In the entries below, find each line bearing the string "import" and copy it.

-----

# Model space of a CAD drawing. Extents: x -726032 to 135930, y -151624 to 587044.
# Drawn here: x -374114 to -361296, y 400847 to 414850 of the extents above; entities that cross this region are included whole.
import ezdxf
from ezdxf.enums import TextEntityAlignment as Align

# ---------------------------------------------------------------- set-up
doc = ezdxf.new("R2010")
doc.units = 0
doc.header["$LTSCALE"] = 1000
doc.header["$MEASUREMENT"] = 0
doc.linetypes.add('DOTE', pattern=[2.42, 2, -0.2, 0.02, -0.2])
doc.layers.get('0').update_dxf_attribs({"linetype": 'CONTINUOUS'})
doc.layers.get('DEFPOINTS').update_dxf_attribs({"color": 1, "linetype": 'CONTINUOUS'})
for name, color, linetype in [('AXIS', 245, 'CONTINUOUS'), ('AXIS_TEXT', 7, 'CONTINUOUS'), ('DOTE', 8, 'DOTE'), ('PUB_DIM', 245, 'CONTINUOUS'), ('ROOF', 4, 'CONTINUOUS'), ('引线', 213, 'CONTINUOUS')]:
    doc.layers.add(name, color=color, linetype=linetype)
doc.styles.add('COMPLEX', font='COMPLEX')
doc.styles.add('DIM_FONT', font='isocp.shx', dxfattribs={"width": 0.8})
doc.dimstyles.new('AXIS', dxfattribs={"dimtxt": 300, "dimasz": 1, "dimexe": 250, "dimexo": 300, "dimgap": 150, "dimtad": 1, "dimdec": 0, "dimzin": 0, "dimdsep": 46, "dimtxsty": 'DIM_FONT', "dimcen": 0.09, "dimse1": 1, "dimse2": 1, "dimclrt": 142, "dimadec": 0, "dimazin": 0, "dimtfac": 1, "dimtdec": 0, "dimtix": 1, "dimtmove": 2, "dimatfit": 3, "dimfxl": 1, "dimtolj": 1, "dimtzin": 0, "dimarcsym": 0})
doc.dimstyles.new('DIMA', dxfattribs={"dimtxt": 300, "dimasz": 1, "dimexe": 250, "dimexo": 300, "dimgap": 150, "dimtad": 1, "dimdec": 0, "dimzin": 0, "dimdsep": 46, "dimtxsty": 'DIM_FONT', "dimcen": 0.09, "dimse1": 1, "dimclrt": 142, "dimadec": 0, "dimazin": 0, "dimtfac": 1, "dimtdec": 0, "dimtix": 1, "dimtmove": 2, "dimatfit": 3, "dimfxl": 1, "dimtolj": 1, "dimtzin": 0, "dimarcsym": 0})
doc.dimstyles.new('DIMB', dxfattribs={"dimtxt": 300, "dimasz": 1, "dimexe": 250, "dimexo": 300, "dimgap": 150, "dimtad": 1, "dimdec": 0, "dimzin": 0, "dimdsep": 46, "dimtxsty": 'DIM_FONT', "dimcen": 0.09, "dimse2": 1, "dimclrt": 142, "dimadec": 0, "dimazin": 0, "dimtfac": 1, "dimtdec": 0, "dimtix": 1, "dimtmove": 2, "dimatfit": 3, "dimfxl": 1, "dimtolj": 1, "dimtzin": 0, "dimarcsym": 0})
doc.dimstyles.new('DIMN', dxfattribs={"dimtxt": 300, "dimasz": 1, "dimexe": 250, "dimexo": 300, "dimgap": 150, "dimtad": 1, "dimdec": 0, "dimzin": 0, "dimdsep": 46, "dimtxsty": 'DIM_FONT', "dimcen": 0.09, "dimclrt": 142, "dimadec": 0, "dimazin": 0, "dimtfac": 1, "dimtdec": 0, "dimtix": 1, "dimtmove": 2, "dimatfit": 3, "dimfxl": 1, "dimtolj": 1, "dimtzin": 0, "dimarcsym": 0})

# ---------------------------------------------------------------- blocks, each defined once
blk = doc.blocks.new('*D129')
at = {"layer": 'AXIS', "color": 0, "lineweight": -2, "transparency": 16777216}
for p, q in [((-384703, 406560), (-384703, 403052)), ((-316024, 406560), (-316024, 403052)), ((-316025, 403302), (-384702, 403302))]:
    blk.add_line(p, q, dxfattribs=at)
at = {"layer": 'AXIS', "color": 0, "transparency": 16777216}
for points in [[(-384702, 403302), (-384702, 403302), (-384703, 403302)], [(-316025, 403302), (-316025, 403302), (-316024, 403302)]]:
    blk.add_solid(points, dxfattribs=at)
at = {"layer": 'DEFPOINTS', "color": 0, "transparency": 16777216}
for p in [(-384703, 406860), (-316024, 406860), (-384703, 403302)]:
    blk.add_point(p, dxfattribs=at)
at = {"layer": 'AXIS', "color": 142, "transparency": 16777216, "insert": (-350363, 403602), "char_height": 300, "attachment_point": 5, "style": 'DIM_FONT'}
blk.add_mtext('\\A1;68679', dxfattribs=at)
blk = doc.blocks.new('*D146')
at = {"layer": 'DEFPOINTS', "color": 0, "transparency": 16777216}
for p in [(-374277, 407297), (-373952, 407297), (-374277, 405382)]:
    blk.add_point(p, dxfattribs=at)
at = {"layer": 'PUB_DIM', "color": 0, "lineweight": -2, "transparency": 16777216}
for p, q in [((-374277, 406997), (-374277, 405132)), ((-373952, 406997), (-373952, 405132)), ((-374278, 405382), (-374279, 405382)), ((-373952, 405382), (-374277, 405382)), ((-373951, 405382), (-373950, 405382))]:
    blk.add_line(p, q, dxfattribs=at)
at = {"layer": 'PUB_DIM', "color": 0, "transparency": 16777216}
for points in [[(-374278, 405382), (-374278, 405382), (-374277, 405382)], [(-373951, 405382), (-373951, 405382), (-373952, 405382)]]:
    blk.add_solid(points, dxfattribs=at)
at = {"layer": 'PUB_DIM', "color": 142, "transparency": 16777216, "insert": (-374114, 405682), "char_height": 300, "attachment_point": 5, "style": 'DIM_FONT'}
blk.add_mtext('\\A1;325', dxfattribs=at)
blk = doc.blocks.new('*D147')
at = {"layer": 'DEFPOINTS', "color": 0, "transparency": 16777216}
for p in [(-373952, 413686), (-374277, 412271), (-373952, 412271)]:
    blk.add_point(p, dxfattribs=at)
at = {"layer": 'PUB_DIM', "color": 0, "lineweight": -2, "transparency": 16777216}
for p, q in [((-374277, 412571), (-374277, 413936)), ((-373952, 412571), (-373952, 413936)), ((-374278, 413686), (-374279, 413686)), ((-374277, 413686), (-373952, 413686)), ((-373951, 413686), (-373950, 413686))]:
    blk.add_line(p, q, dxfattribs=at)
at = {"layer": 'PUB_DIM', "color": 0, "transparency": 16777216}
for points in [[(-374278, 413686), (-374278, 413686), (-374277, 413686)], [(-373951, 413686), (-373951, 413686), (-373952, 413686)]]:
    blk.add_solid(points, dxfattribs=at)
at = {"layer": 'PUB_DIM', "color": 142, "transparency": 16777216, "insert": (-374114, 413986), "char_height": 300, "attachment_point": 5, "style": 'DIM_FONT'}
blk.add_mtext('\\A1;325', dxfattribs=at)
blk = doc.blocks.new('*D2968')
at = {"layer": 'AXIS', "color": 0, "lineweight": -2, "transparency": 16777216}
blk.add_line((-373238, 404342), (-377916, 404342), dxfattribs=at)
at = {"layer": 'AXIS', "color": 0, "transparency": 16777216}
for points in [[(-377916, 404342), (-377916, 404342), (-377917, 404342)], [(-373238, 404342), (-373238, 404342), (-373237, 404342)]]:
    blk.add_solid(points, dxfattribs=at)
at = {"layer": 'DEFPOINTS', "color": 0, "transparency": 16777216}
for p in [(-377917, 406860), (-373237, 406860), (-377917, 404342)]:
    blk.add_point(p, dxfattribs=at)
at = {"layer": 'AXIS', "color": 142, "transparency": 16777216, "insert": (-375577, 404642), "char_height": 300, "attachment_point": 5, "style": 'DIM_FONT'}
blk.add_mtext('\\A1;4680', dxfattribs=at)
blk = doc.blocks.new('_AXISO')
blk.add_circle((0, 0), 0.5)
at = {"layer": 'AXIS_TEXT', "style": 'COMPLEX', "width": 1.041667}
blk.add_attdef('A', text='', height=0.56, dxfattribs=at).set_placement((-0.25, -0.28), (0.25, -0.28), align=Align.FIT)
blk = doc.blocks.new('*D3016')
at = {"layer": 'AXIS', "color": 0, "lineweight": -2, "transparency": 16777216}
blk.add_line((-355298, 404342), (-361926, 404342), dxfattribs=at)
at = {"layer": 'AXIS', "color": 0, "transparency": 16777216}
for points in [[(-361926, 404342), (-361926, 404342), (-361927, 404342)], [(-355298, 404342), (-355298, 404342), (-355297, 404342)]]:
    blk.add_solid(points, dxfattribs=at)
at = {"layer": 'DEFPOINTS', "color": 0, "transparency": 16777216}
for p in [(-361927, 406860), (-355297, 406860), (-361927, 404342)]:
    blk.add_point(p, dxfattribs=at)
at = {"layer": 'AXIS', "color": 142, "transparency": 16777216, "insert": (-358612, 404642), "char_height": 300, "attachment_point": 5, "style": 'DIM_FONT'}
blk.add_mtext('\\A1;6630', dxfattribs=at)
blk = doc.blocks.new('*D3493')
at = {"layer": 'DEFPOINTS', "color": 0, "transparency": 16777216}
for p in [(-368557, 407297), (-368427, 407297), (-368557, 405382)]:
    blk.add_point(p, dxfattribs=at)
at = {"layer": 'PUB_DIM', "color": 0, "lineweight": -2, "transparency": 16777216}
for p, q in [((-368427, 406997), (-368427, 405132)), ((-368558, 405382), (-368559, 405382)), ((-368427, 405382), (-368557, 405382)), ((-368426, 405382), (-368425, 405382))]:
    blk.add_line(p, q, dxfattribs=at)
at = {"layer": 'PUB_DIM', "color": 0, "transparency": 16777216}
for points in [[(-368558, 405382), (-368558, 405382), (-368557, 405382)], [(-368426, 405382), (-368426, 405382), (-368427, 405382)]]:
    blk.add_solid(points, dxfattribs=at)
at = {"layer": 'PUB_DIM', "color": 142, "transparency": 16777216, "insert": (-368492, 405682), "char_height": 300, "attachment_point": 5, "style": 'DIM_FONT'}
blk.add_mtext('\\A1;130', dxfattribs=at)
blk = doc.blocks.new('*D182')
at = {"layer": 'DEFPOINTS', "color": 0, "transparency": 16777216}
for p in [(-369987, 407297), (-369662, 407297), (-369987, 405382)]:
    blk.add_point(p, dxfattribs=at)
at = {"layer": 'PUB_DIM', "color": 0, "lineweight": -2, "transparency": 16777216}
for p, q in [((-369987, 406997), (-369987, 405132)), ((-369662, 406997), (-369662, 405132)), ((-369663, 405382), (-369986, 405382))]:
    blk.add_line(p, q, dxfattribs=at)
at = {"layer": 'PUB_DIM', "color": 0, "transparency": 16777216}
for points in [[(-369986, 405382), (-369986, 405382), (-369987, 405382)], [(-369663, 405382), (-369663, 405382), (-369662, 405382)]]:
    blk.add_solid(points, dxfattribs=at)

-----

*Answer*
import ezdxf
from ezdxf.enums import TextEntityAlignment as Align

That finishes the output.